» Work to complete: Every line of the entries below from the one containing "Demux1 : Demux" to the one containing "FlightMode/1 -> Attitude", both ends included, must be written out exactly. No other line belongs in the answer.

» Records from a data collection:
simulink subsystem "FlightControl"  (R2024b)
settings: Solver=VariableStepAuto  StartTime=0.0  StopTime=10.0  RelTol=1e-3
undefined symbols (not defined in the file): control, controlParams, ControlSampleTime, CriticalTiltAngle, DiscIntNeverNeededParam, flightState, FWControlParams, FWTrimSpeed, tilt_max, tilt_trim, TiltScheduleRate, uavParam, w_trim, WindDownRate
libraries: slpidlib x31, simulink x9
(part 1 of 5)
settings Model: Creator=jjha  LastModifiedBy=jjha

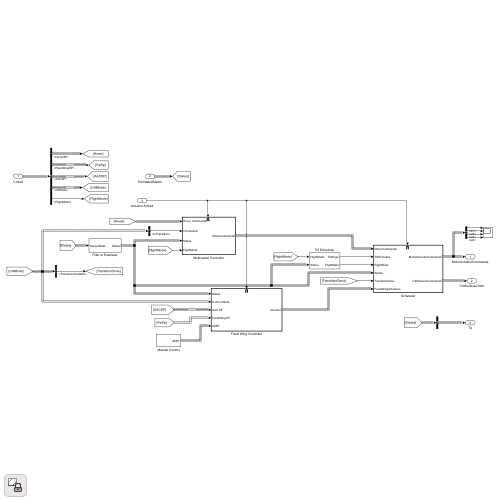
[thumbnail: Simulink's stored preview of the top-level diagram]
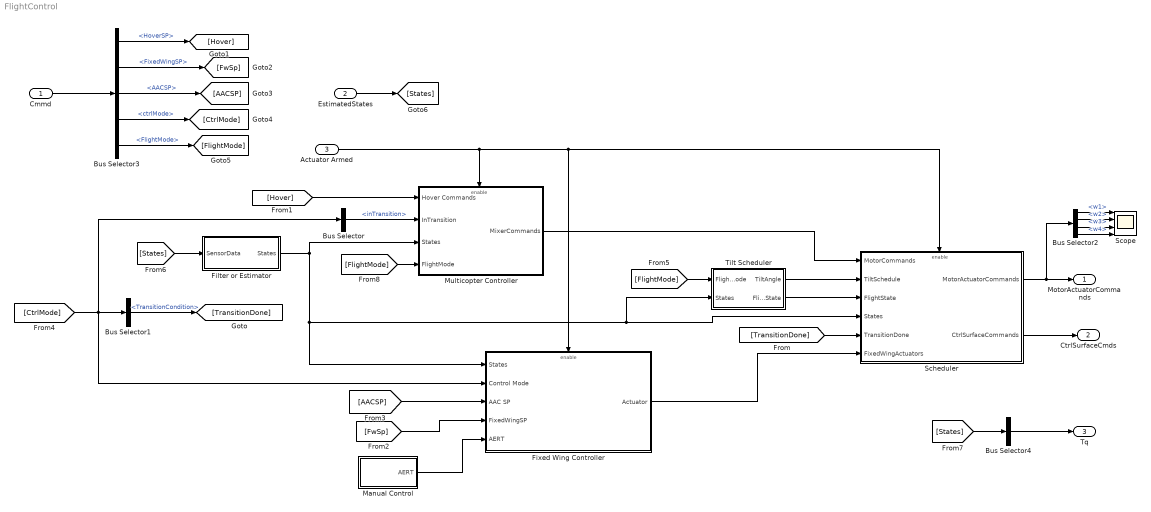
== system FlightControl ==
  Cmmd : Inport
  EstimatedStates : Inport  Port=2
  Actuator Armed : Inport  Port=3
  Bus Selector : BusSelector  OutputSignals=inTransition
  Bus Selector1 : BusSelector  OutputSignals=TransitionCondition
  Bus Selector2 : BusSelector  OutputSignals=w1,w2,w3,w4
  Bus Selector3 : BusSelector  OutputSignals=HoverSP,FixedWingSP,AACSP,ctrlMode,FlightMode
  Bus Selector4 : BusSelector  OutputSignals=RotorParameters.T1,RotorParameters.T2,RotorParameters.T3,RotorParameters.T4  OutputAsBus=on
  Filter or Estimator : Subsystem
  Fixed Wing Controller : Subsystem  TreatAsAtomicUnit=on  VariantControl=Fixed Wing Controller
  Manual Control : Subsystem
  Multicopter Controller : Subsystem
  Scheduler : Subsystem  SystemSampleTime=0.005
  Scope : Scope  NumInputPorts=4
  Tilt Scheduler : Subsystem
  MotorActuatorCommands : Outport
  CtrlSurfaceCmds : Outport  Port=2
  Tq : Outport  Port=3
  wires:
  Bus Selector3/2 -> [FwSp]  "<FixedWingSP>"
  Bus Selector3/1 -> [Hover]  "<HoverSP>"
  Bus Selector1/1 -> [TransitionDone]  "<TransitionCondition>"
  [Hover] -> Multicopter Controller/1(Hover Commands)
  Cmmd/1 -> Bus Selector3/1
  Bus Selector3/3 -> [AACSP]  "<AACSP>"
  Bus Selector2/4 -> Scope/4  "<w4>"
  Bus Selector3/5 -> [FlightMode]  "<FlightMode>"
  [FlightMode] -> Tilt Scheduler/1(FlightMode)
  [States] -> Bus Selector4/1
  Manual Control/1(AERT) -> Fixed Wing Controller/5(AERT)
  Tilt Scheduler/2(FlightState) -> Scheduler/3(FlightState)
  [AACSP] -> Fixed Wing Controller/3(AAC SP)
  Bus Selector3/4 -> [CtrlMode]  "<ctrlMode>"
  Multicopter Controller/1(MixerCommands) -> Scheduler/1(MotorCommands)
  Scheduler/2(CtrlSurfaceCommands) -> CtrlSurfaceCmds/1
  [CtrlMode] -> Bus Selector/1, Bus Selector1/1, Fixed Wing Controller/2(Control Mode)
  Bus Selector2/3 -> Scope/3  "<w3>"
  [FwSp] -> Fixed Wing Controller/4(FixedWingSP)
  [TransitionDone] -> Scheduler/5(TransitionDone)
  EstimatedStates/1 -> [States]
  Filter or Estimator/1(States) -> Tilt Scheduler/2(States), Scheduler/4(States), Fixed Wing Controller/1(States), Multicopter Controller/3(States)
  Bus Selector/1 -> Multicopter Controller/2(InTransition)  "<inTransition>"
  Tilt Scheduler/1(TiltAngle) -> Scheduler/2(TiltSchedule)
  Scheduler/1(MotorActuatorCommands) -> Bus Selector2/1, MotorActuatorCommands/1
  Bus Selector4/1 -> Tq/1
  [States] -> Filter or Estimator/1(SensorData)
  Fixed Wing Controller/1(Actuator) -> Scheduler/6(FixedWingActuators)
  Bus Selector2/1 -> Scope/1  "<w1>"
  Bus Selector2/2 -> Scope/2  "<w2>"
  [FlightMode] -> Multicopter Controller/4(FlightMode)
  Actuator Armed/1 -> Multicopter Controller/Enable, Scheduler/Enable, Fixed Wing Controller/Enable

== system FlightControl/Filter or Estimator ==
  SensorData : Inport
  States : Outport
  wires:
  SensorData/1 -> States/1

== system FlightControl/Fixed Wing Controller ==
  States : Inport
  Control Mode : Inport  Port=2
  AAC SP : Inport  Port=3
  FixedWingSP : Inport  Port=4
  AERT : Inport  Port=5
  Enable : EnablePort
  Fixed Wing Controller Module : Subsystem  Variant=on  VariantControl=TuningMode == 0
  Actuator : Outport
  wires:
  Fixed Wing Controller Module/1(Actuator) -> Actuator/1
  AERT/1 -> Fixed Wing Controller Module/5(AERT)
  FixedWingSP/1 -> Fixed Wing Controller Module/4(FixedWingSP)
  AAC SP/1 -> Fixed Wing Controller Module/3(AAC SP)
  Control Mode/1 -> Fixed Wing Controller Module/2(Control Mode)
  States/1 -> Fixed Wing Controller Module/1(States)

== system FlightControl/Manual Control ==
  Bus Creator : BusCreator  Inputs=4
  Constant{,1..3} (4 alike) : Constant  Value=0
  AERT : Outport
  wires:
  Constant/1 -> Bus Creator/1  "aileron"
  Constant1/1 -> Bus Creator/2  "throttle"
  Constant2/1 -> Bus Creator/3  "elevator"
  Constant3/1 -> Bus Creator/4  "rudder"
  Bus Creator/1 -> AERT/1

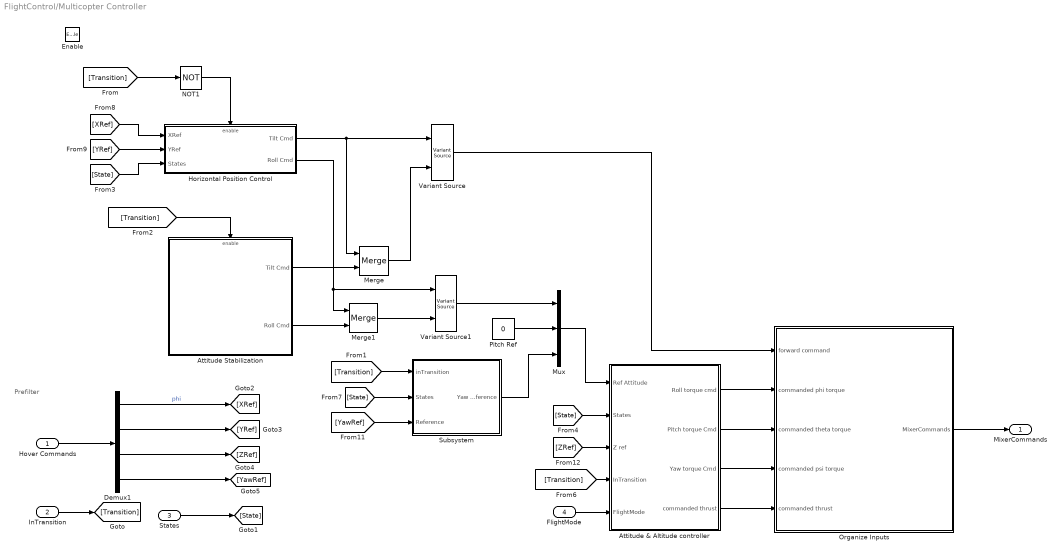
== system FlightControl/Multicopter Controller ==
  note: Prefilter
  Hover Commands : Inport
  InTransition : Inport  Port=2
  States : Inport  Port=3
  FlightMode : Inport  Port=4
  Enable : EnablePort
  Attitude & Altitude controller : Subsystem
  Attitude Stabilization : Subsystem  TreatAsAtomicUnit=on
  Demux1 : Demux
  Horizontal Position Control : Subsystem  TreatAsAtomicUnit=on
  Merge : Merge
  Merge1 : Merge
  Mux : Mux  Inputs=3
  NOT1 : Logic  Operator=NOT  IconShape=distinctive  AllPortsSameDT=off  OutDataTypeStr=boolean
  Organize Inputs : Subsystem
  Pitch Ref : Constant  Value=0
  Subsystem : Subsystem
  Variant Source : VariantSource
  Variant Source1 : VariantSource
  MixerCommands : Outport
  wires:
  Organize Inputs/1(MixerCommands) -> MixerCommands/1
  [Transition] -> Subsystem/1(inTransition)
  [State] -> Subsystem/2(States)
  Attitude Stabilization/2(Roll Cmd) -> Merge1/2
  Variant Source/1 -> Organize Inputs/1(forward command)
  [YawRef] -> Subsystem/3(Reference)
  Merge1/1 -> Variant Source1/2
  Horizontal Position Control/2(Roll Cmd) -> Merge1/1, Variant Source1/1
  Merge/1 -> Variant Source/2
  NOT1/1 -> Horizontal Position Control/Enable
  [Transition] -> Attitude Stabilization/Enable
  Pitch Ref/1 -> Mux/2
  [YRef] -> Horizontal Position Control/2(YRef)
  Attitude Stabilization/1(Tilt Cmd) -> Merge/2
  Demux1/3 -> [ZRef]
  [State] -> Attitude & Altitude controller/2(States)
  FlightMode/1 -> Attitude & Altitude controller/5(FlightMode)
  Attitude & Altitude controller/3(Yaw torque Cmd) -> Organize Inputs/4(commanded psi torque)
  [ZRef] -> Attitude & Altitude controller/3(Z ref)
  [XRef] -> Horizontal Position Control/1(XRef)
  Attitude & Altitude controller/4(commanded thrust) -> Organize Inputs/5(commanded thrust)
  InTransition/1 -> [Transition]
  States/1 -> [State]
  Subsystem/1(Yaw Reference) -> Mux/3
  Demux1/1 -> [XRef]  "phi"
  Attitude & Altitude controller/1(Roll torque cmd) -> Organize Inputs/2(commanded phi torque)
  Attitude & Altitude controller/2(Pitch torque Cmd) -> Organize Inputs/3(commanded theta torque)
  Hover Commands/1 -> Demux1/1
  Demux1/4 -> [YawRef]
  [Transition] -> NOT1/1
  Variant Source1/1 -> Mux/1
  [State] -> Horizontal Position Control/3(States)
  Horizontal Position Control/1(Tilt Cmd) -> Variant Source/1, Merge/1
  Mux/1 -> Attitude & Altitude controller/1(Ref Attitude)
  [Transition] -> Attitude & Altitude controller/4(InTransition)
  Demux1/2 -> [YRef]

== system FlightControl/Scheduler ==
  MotorCommands : Inport
  TiltSchedule : Inport  Port=2
  FlightState : Inport  Port=3  OutDataTypeStr=Enum: flightState
  States : Inport  Port=4
  TransitionDone : Inport  Port=5
  FixedWingActuators : Inport  Port=6
  Enable : EnablePort
  FixedWingScheduler : Subsystem
  MulticopterScheduler : Subsystem
  MotorActuatorCommands : Outport  OutputWhenDisabled=reset  InitialOutput=0
  CtrlSurfaceCommands : Outport  Port=2  OutDataTypeStr=Bus: FixedWingCtrlBus  OutputWhenDisabled=reset  InitialOutput=0  VectorParamsAs1DForOutWhenUnconnected=off
  wires:
  States/1 -> MulticopterScheduler/6(States)
  TransitionDone/1 -> FixedWingScheduler/3(TransitionDone), MulticopterScheduler/5(TransitionDone)
  FixedWingActuators/1 -> FixedWingScheduler/2(FixedWingActuators)
  MotorCommands/1 -> MulticopterScheduler/3(MotorCommands)
  MulticopterScheduler/1(ActuatorControls) -> MotorActuatorCommands/1
  TiltSchedule/1 -> MulticopterScheduler/4(TiltSchedule)
  FlightState/1 -> FixedWingScheduler/1(FlightState), MulticopterScheduler/1(FlightState)
  FixedWingScheduler/1(ActuatorControls) -> CtrlSurfaceCommands/1, MulticopterScheduler/2(FixedWingActuators)

== system FlightControl/Tilt Scheduler ==
  note: Back Transition Tilt Mode Manager
  note: Forward Transition Tilt Mode Manager
  FlightMode : Inport
  States : Inport  Port=2
  Back Transition Scheduler : Subsystem
  Forward Transition Scheduler : Subsystem
  TiltAngle : Outport
  FlightState : Outport  Port=2
  wires:
  Forward Transition Scheduler/2(Tilt Schedule) -> Back Transition Scheduler/1(Tilt Schedule)
  Forward Transition Scheduler/1(FlightState) -> FlightState/1
  FlightMode/1 -> Forward Transition Scheduler/1(FlightMode), Back Transition Scheduler/2(FlightMode)
  Back Transition Scheduler/1(TiltAngle) -> TiltAngle/1
  States/1 -> Back Transition Scheduler/3(States)

== system FlightControl/Fixed Wing Controller/Fixed Wing Controller Module ==
  States : Inport
  Control Mode : Inport  Port=2
  AAC SP : Inport  Port=3
  FixedWingSP : Inport  Port=4
  AERT : Inport  Port=5
  Fixed Wing Controller Simulation : Subsystem  VariantControl=TuningMode == 0
  Fixed Wing Controller Tuning : Subsystem  VariantControl=TuningMode==1
  Actuator : Outport

== system FlightControl/Multicopter Controller/Attitude & Altitude controller ==
  Ref Attitude : Inport
  States : Inport  Port=2
  Z ref : Inport  Port=3
  InTransition : Inport  Port=4
  FlightMode : Inport  Port=5
  Altitude Control : Subsystem
  Derivative Gain : Subsystem  VariantControl=AttitudeControl==1
  Roll torque cmd : Outport
  Pitch torque Cmd : Outport  Port=2
  Yaw torque Cmd : Outport  Port=3
  commanded thrust : Outport  Port=4
  wires:
  Ref Attitude/1 -> Derivative Gain/1(Ref Attitude)
  FlightMode/1 -> Altitude Control/4(FlightMode)
  Z ref/1 -> Altitude Control/2(Z ref)
  Derivative Gain/3(Yaw torque Cmd) -> Yaw torque Cmd/1
  States/1 -> Derivative Gain/2(States), Altitude Control/1(States)
  Derivative Gain/2(Pitch torque Cmd) -> Pitch torque Cmd/1
  InTransition/1 -> Altitude Control/3(InTransition)
  Derivative Gain/1(Roll torque cmd) -> Roll torque cmd/1
  Altitude Control/1(commanded thrust) -> commanded thrust/1

== system FlightControl/Multicopter Controller/Attitude Stabilization ==
  note: Level Tiltrotor when in transition.
  Enable : EnablePort
  Constant : Constant  Value=0
  Constant1 : Constant  Value=0
  Tilt Cmd : Outport
  Roll Cmd : Outport  Port=2
  wires:
  Constant1/1 -> Roll Cmd/1
  Constant/1 -> Tilt Cmd/1

== system FlightControl/Multicopter Controller/Horizontal Position Control ==
  note: Forward Motion is controlled using Tilt.
      | Lateral Motion occurs using roll.
  XRef : Inport
  YRef : Inport  Port=2
  States : Inport  Port=3
  Enable : EnablePort
  Rate Limiter : RateLimiter  RisingSlewLimit=5.1  FallingSlewLimit=-5.1  SampleTimeMode=inherited
  Saturation : Saturate  UpperLimit=0.25  LowerLimit=-0.25
  Saturation1 : Saturate  UpperLimit=0.75  LowerLimit=-0.75
  XY Controller : Subsystem
  Tilt Cmd : Outport
  Roll Cmd : Outport  Port=2
  wires:
  Rate Limiter/1 -> Roll Cmd/1
  Saturation/1 -> Rate Limiter/1
  Saturation1/1 -> Tilt Cmd/1
  XY Controller/2(Sideward Cmd) -> Saturation/1
  XY Controller/1(Forward cmd) -> Saturation1/1
  States/1 -> XY Controller/3(States)
  YRef/1 -> XY Controller/2(Y_ref)
  XRef/1 -> XY Controller/1(X_ref)

== system FlightControl/Multicopter Controller/Organize Inputs ==
  forward command : Inport
  commanded phi torque : Inport  Port=2
  commanded theta torque : Inport  Port=3
  commanded psi torque : Inport  Port=4
  commanded thrust : Inport  Port=5
  Out Bus Element : Outport  PortName=MixerCommands  Element=w_phi
  Out Bus Element1 : Outport  PortName=MixerCommands  Element=w_theta
  Out Bus Element2 : Outport  PortName=MixerCommands  Element=l_psi
  Out Bus Element3 : Outport  PortName=MixerCommands  Element=w_z
  Out Bus Element4 : Outport  PortName=MixerCommands  Element=l_x
  tag scope: w_phi=global, w_psi=global, w_theta=global, w_tilt=global, w_z=global
  wires:
  commanded phi torque/1 -> Out Bus Element/1, [w_phi]  "phi"
  forward command/1 -> Out Bus Element4/1, [w_tilt]
  commanded thrust/1 -> Out Bus Element3/1, [w_z]
  commanded psi torque/1 -> Out Bus Element2/1, [w_psi]
  commanded theta torque/1 -> Out Bus Element1/1, [w_theta]  "theta"

== system FlightControl/Multicopter Controller/Subsystem ==
  inTransition : Inport
  States : Inport  Port=2
  Reference : Inport  Port=3
  Bus Selector : BusSelector  OutputSignals=ypr
  NOT : Logic  Operator=NOT  IconShape=distinctive  AllPortsSameDT=off  OutDataTypeStr=boolean
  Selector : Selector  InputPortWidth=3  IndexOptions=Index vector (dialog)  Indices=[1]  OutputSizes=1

» The completed task:
  Demux1 : Demux
  Horizontal Position Control : Subsystem  TreatAsAtomicUnit=on
  Merge : Merge
  Merge1 : Merge
  Mux : Mux  Inputs=3
  NOT1 : Logic  Operator=NOT  IconShape=distinctive  AllPortsSameDT=off  OutDataTypeStr=boolean
  Organize Inputs : Subsystem
  Pitch Ref : Constant  Value=0
  Subsystem : Subsystem
  Variant Source : VariantSource
  Variant Source1 : VariantSource
  MixerCommands : Outport
  wires:
  Organize Inputs/1(MixerCommands) -> MixerCommands/1
  [Transition] -> Subsystem/1(inTransition)
  [State] -> Subsystem/2(States)
  Attitude Stabilization/2(Roll Cmd) -> Merge1/2
  Variant Source/1 -> Organize Inputs/1(forward command)
  [YawRef] -> Subsystem/3(Reference)
  Merge1/1 -> Variant Source1/2
  Horizontal Position Control/2(Roll Cmd) -> Merge1/1, Variant Source1/1
  Merge/1 -> Variant Source/2
  NOT1/1 -> Horizontal Position Control/Enable
  [Transition] -> Attitude Stabilization/Enable
  Pitch Ref/1 -> Mux/2
  [YRef] -> Horizontal Position Control/2(YRef)
  Attitude Stabilization/1(Tilt Cmd) -> Merge/2
  Demux1/3 -> [ZRef]
  [State] -> Attitude & Altitude controller/2(States)
  FlightMode/1 -> Attitude & Altitude controller/5(FlightMode)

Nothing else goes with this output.